▸ ACTIVITY
The reply must consist of one number: how many lines of the data include the word "color".

(RECORDS SHOWN begins)

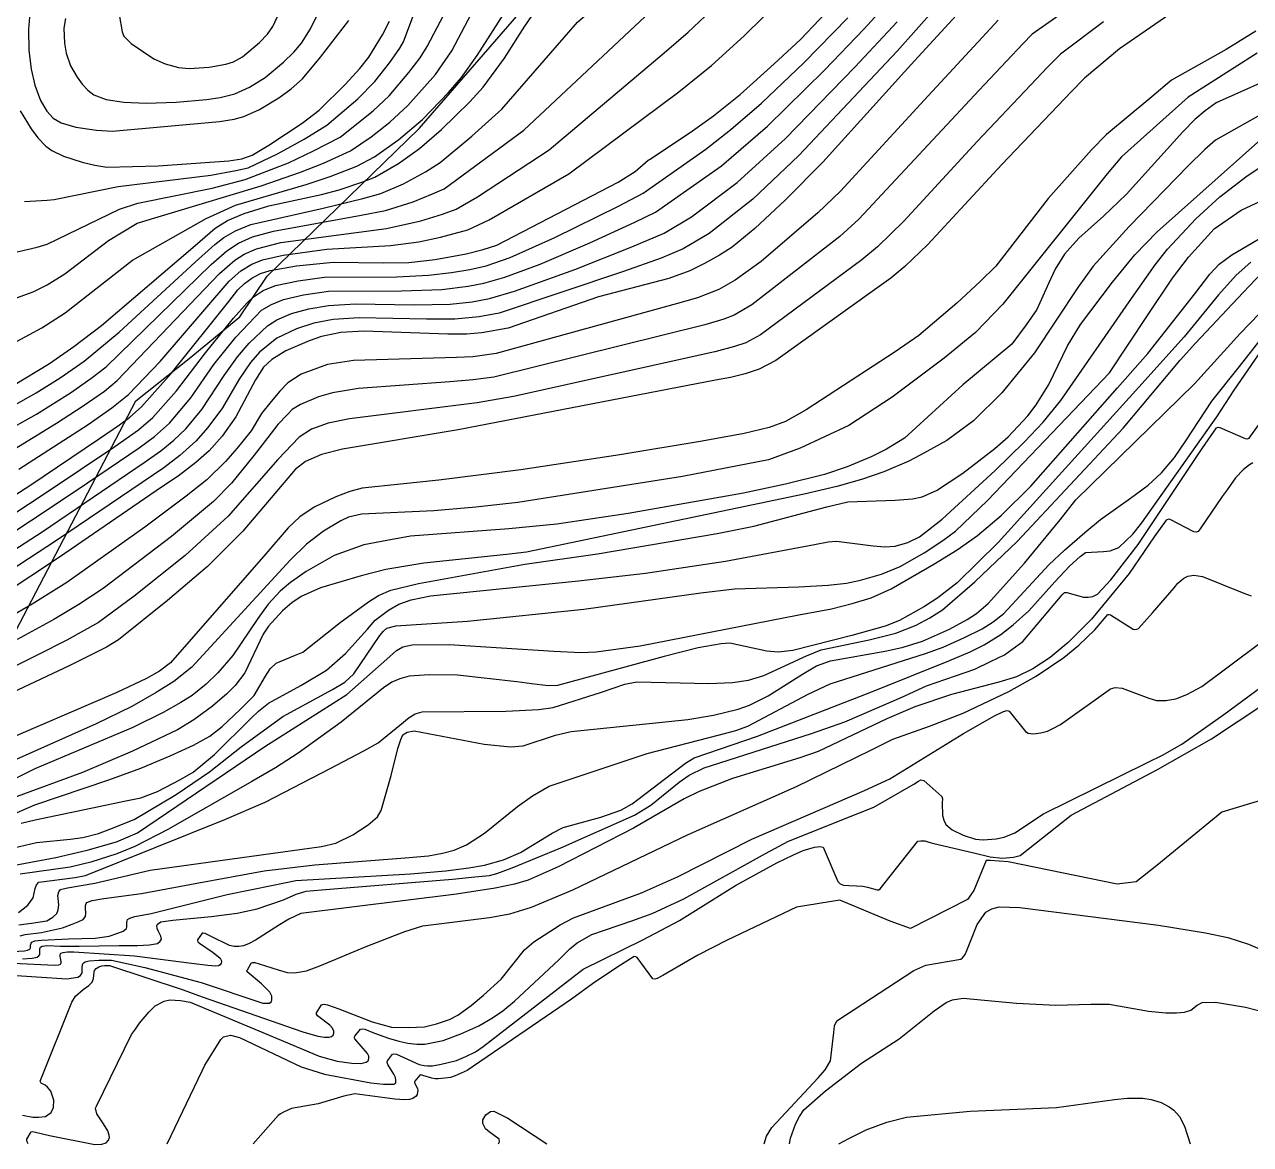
# Model space of a CAD drawing. Header units: metres. Extents: x -2219 to 517, y -3078 to 398.
# Drawn here: x 193.8 to 324.3, y -37.5 to 81.6 of the extents above; entities that cross this region are included whole.
import ezdxf

# ---------------------------------------------------------------- set-up
doc = ezdxf.new("R2010")
doc.units = ezdxf.units.M
for name, color, linetype in [('TERRAIN_BOUNDARY', 6, 'Continuous'), ('TERRAIN_CONTOUR_1M', 3, 'Continuous'), ('TERRAIN_CONTOUR_5M_SUPPLEMENT', 4, 'Continuous')]:
    doc.layers.add(name, color=color, linetype=linetype)

msp = doc.modelspace()

# ---------------------------------------------------------------- linework, layer by layer
at = {"layer": 'TERRAIN_BOUNDARY'}
msp.add_polyline3d([(112.28, 23.67, 0), (133.05, 16.78, 0), (150.42, 10.9, 0), (154.21, 9.67, 0), (169.69, 4.63, 0), (183.91, 0, 0), (205.66, 41.58, 0), (211.33, 46.09, 0), (216.72, 50.53, 0), (219.61, 54.87, 0), (235.8, 70.55, 0), (247.35, 83.84, 0), (258.74, 92.44, 0), (265.2, 98.58, 0), (270.78, 103.89, 0), (276.31, 106.03, 0), (305.81, 119.78, 0), (317.61, 124.87, 0), (410.39, 128.64, 0)], dxfattribs=at)
at = {"layer": 'TERRAIN_CONTOUR_1M'}
for points in [[(191.22, 40.28, 59), (195.02, 42.44, 59), (197.6, 44.05, 59), (200.16, 45.81, 59), (203.87, 48.9, 59), (211.96, 56.33, 59), (214.05, 58.21, 59), (215.01, 58.97, 59), (216.26, 59.69, 59), (217.87, 60.36, 59), (225.59, 62.1, 59), (229.8, 63.11, 59), (231.71, 63.66, 59), (234.13, 64.69, 59), (236.47, 65.94, 59), (238.01, 66.94, 59), (241.4, 69.76, 59), (244.6, 72.63, 59), (252.65, 81.88, 59), (257.27, 85.93, 59), (259.8, 88.25, 59), (264.58, 93.36, 59), (268.92, 98.14, 59), (274.23, 104.72, 59)], [(325, 89.16, 46), (310.33, 79.04, 46), (306.61, 75.92, 46), (305.22, 74.51, 46), (297.78, 66.74, 46), (289.91, 58.23, 46), (287.48, 55.89, 46), (285.99, 54.63, 46), (284.26, 53.41, 46), (273.73, 45.89, 46), (271.98, 44.95, 46), (270.5, 44.47, 46), (268.93, 44.09, 46), (267.31, 43.79, 46), (239.96, 38.5, 46), (227.63, 36.44, 46), (225.4, 35.87, 46), (223.69, 35.14, 46), (222.61, 34.27, 46), (220.44, 31.75, 46), (217.03, 27.73, 46), (213.26, 23.97, 46), (209.01, 20.34, 46), (203.81, 16.18, 46), (202.53, 15.39, 46), (201.33, 14.77, 46), (198.63, 13.45, 46), (189.94, 9.35, 46)], [(294.75, 87.9, 51), (286.65, 78.8, 51), (276.2, 67.69, 51), (271.3, 63.05, 51), (266.65, 59.39, 51), (263.9, 57.77, 51), (261.55, 56.78, 51), (257.54, 55.35, 51), (244.3, 50.92, 51), (242.18, 50.53, 51), (239.6, 50.28, 51), (236.57, 50.28, 51), (229.41, 50.43, 51), (226.64, 50.26, 51), (224.6, 49.86, 51), (222.73, 49.26, 51), (220.64, 48.24, 51), (218.8, 46.76, 51), (217.84, 45.68, 51), (216.63, 43.9, 51), (214.86, 40.83, 51), (213.32, 38.74, 51), (212.02, 37.29, 51), (210.31, 35.77, 51), (208.61, 34.48, 51), (197.2, 26.73, 51), (190.18, 22.15, 51)], [(193.79, 62.78, 64), (196.21, 62.94, 64), (196.94, 63.01, 64), (203.76, 64.4, 64), (213.61, 65.6, 64), (216.27, 66.08, 64), (217.6, 66.39, 64), (220.71, 67.86, 64), (223.55, 69.44, 64), (225.95, 70.91, 64), (229.26, 73.73, 64), (231.08, 75.56, 64), (232.66, 77.57, 64), (233.75, 79.09, 64), (234.13, 79.77, 64), (236.9, 87.21, 64)], [(189.44, 25.54, 53), (199.41, 32.12, 53), (205.99, 36.58, 53), (207.63, 37.79, 53), (209.21, 39.21, 53), (211.51, 41.91, 53), (213.95, 45.44, 53), (216.3, 48.37, 53), (218.33, 50.52, 53), (219.03, 51.22, 53), (220.08, 51.84, 53), (221.36, 52.37, 53), (223.48, 52.87, 53), (226.14, 53.26, 53), (233.92, 53.3, 53), (238.22, 53.45, 53), (241.02, 53.8, 53), (242.67, 54.11, 53), (244.9, 54.75, 53), (248.67, 56.13, 53), (253.97, 58.39, 53), (258.76, 60.6, 53), (260.95, 61.65, 53), (267.97, 66.59, 53), (272.85, 70.81, 53), (278.92, 76.78, 53), (283.16, 81.15, 53), (286.49, 84.85, 53)], [(192.55, 57.32, 63), (195.14, 57.93, 63), (196.19, 58.27, 63), (203.89, 61.98, 63), (205.87, 62.6, 63), (213.77, 64.22, 63), (217.29, 65.13, 63), (221.88, 66.91, 63), (224.54, 68.17, 63), (227.39, 69.65, 63), (230.89, 72.43, 63), (232.59, 74.05, 63), (234.7, 76.53, 63), (235.9, 78.06, 63), (236.66, 79.3, 63), (239.85, 85.38, 63)], [(192.23, 36.18, 57), (197.19, 39.2, 57), (200.04, 41.05, 57), (202.3, 42.62, 57), (203.67, 43.75, 57), (214.55, 55.13, 57), (216.16, 56.55, 57), (217.18, 57.2, 57), (218.48, 57.77, 57), (221.07, 58.43, 57), (232.32, 59.94, 57), (235.96, 60.73, 57), (238.28, 61.45, 57), (239.72, 61.97, 57), (242, 63.28, 57), (249.61, 68.28, 57), (261.86, 78.62, 57), (264.42, 80.79, 57), (268.04, 84.2, 57)], [(192.93, 52.55, 62), (194.72, 53.2, 62), (196.19, 53.94, 62), (198.09, 55.11, 62), (202.74, 58.65, 62), (205.79, 60.49, 62), (218.97, 64.46, 62), (223.15, 65.9, 62), (225.61, 66.88, 62), (228.48, 68.18, 62), (230.69, 69.69, 62), (232.66, 71.23, 62), (234.58, 73.02, 62), (237.53, 76.31, 62), (239.27, 78.82, 62), (242.38, 84.78, 62)], [(306.93, 84.78, 48), (301.02, 80.58, 48), (300.02, 79.56, 48), (298.28, 77.71, 48), (295.37, 74.62, 48), (282.59, 60.91, 48), (280.55, 59.08, 48), (271.18, 51.79, 48), (269.33, 50.7, 48), (268.21, 50.28, 48), (266.18, 49.66, 48), (243.73, 44.12, 48), (241.54, 43.81, 48), (239.06, 43.61, 48), (229.32, 42.9, 48), (226.58, 42.44, 48), (225.07, 42.01, 48), (223.16, 41.19, 48), (222.29, 40.66, 48), (221.75, 40.12, 48), (220.74, 39.07, 48), (219.68, 37.69, 48), (218.25, 35.8, 48), (215.82, 32.83, 48), (213.91, 30.9, 48), (209.45, 27.16, 48), (202.16, 21.63, 48), (199.59, 19.92, 48), (196.91, 18.34, 48), (193.01, 16.22, 48)], [(193.18, 34.31, 56), (200.57, 39.08, 56), (203.1, 40.83, 56), (204.87, 42.28, 56), (208.22, 45.79, 56), (215.58, 54.31, 56), (216.83, 55.41, 56), (218, 56.13, 56), (219.13, 56.59, 56), (221.33, 57.09, 56), (225.95, 57.73, 56), (232.74, 58.11, 56), (235.77, 58.52, 56), (238.05, 58.99, 56), (240.97, 59.78, 56), (243.23, 60.84, 56), (251.73, 65.75, 56), (263.42, 74.45, 56), (266.91, 77.27, 56), (270.38, 80.41, 56), (274.45, 84.47, 56)], [(198.16, 82.26, 67), (197.98, 81.23, 67), (198.04, 79.63, 67), (198.23, 78.57, 67), (198.7, 77.24, 67), (199.39, 76.01, 67), (199.93, 75.27, 67), (200.52, 74.64, 67), (201.18, 74.15, 67), (202.5, 73.66, 67), (204.37, 73.35, 67), (206.73, 73.25, 67), (209.92, 73.36, 67), (213.16, 73.64, 67), (214.62, 73.84, 67), (216.16, 74.24, 67), (217.75, 74.94, 67), (219.42, 75.98, 67), (221.36, 77.61, 67), (222.46, 78.69, 67), (223.27, 79.65, 67), (224.22, 81.15, 67), (225.61, 83.95, 67)], [(188.75, 27.03, 54), (196.11, 31.84, 54), (203.41, 36.75, 54), (205.92, 38.5, 54), (207.45, 39.82, 54), (209.98, 42.66, 54), (213.05, 46.7, 54), (216.05, 50.39, 54), (217.48, 52.02, 54), (218.12, 52.63, 54), (219.19, 53.32, 54), (220.52, 53.87, 54), (222.92, 54.37, 54), (225.73, 54.73, 54), (233.43, 54.79, 54), (236.8, 54.95, 54), (239.24, 55.23, 54), (241.19, 55.56, 54), (242.92, 55.96, 54), (245.48, 56.84, 54), (250.24, 58.97, 54), (257.01, 62.29, 54), (259.64, 63.67, 54), (266.3, 68.35, 54), (268.96, 70.45, 54), (272.23, 73.27, 54), (276.73, 77.56, 54), (281.42, 82.33, 54)], [(191.27, 38.04, 58), (195.06, 40.17, 58), (198.68, 42.45, 58), (200.85, 43.95, 58), (202.48, 45.22, 58), (213.65, 56.09, 58), (215.32, 57.56, 58), (216.56, 58.37, 58), (218.04, 59.02, 58), (220.28, 59.65, 58), (229.62, 61.35, 58), (232.2, 61.82, 58), (235.17, 62.77, 58), (237.21, 63.6, 58), (238.46, 64.16, 58), (246.92, 70.38, 58), (260.42, 83, 58)], [(193.01, 47.93, 61), (195.65, 49.36, 61), (198.13, 50.95, 61), (205.28, 56.55, 61), (213.12, 61, 61), (216.26, 62.42, 61), (223.78, 64.62, 61), (226.34, 65.44, 61), (229.17, 66.54, 61), (231.04, 67.56, 61), (233.64, 69.38, 61), (236.14, 71.53, 61), (238.93, 74.4, 61), (240.29, 75.98, 61), (241.96, 78.33, 61), (244.82, 82.75, 61)], [(194.36, 82.84, 66), (194.21, 81.12, 66), (194.26, 78.91, 66), (194.49, 76.86, 66), (194.9, 75.17, 66), (195.49, 73.55, 66), (196.16, 72.42, 66), (196.86, 71.65, 66), (197.71, 71.18, 66), (199.25, 70.71, 66), (201.46, 70.39, 66), (203.16, 70.29, 66), (214.55, 71.31, 66), (216.1, 71.54, 66), (217.12, 71.83, 66), (218.8, 72.58, 66), (220.86, 73.83, 66), (222.18, 74.78, 66), (223.37, 75.85, 66), (225.31, 78.15, 66), (228.32, 82.04, 66)], [(203.86, 82.68, 67), (204.19, 80.83, 67), (204.38, 80.38, 67), (205.15, 79.6, 67), (207.55, 77.98, 67), (208.75, 77.44, 67), (210.19, 77.05, 67), (211.32, 76.95, 67), (213.44, 77.07, 67), (215.22, 77.39, 67), (216.03, 77.65, 67), (217.01, 78.18, 67), (218.82, 79.7, 67), (219.65, 80.61, 67), (220.23, 81.42, 67), (220.73, 82.46, 67)], [(308.63, 81.91, 47), (304.05, 78.46, 47), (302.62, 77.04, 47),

(RECORDS SHOWN ends)

▸ WRITTEN ANSWER
2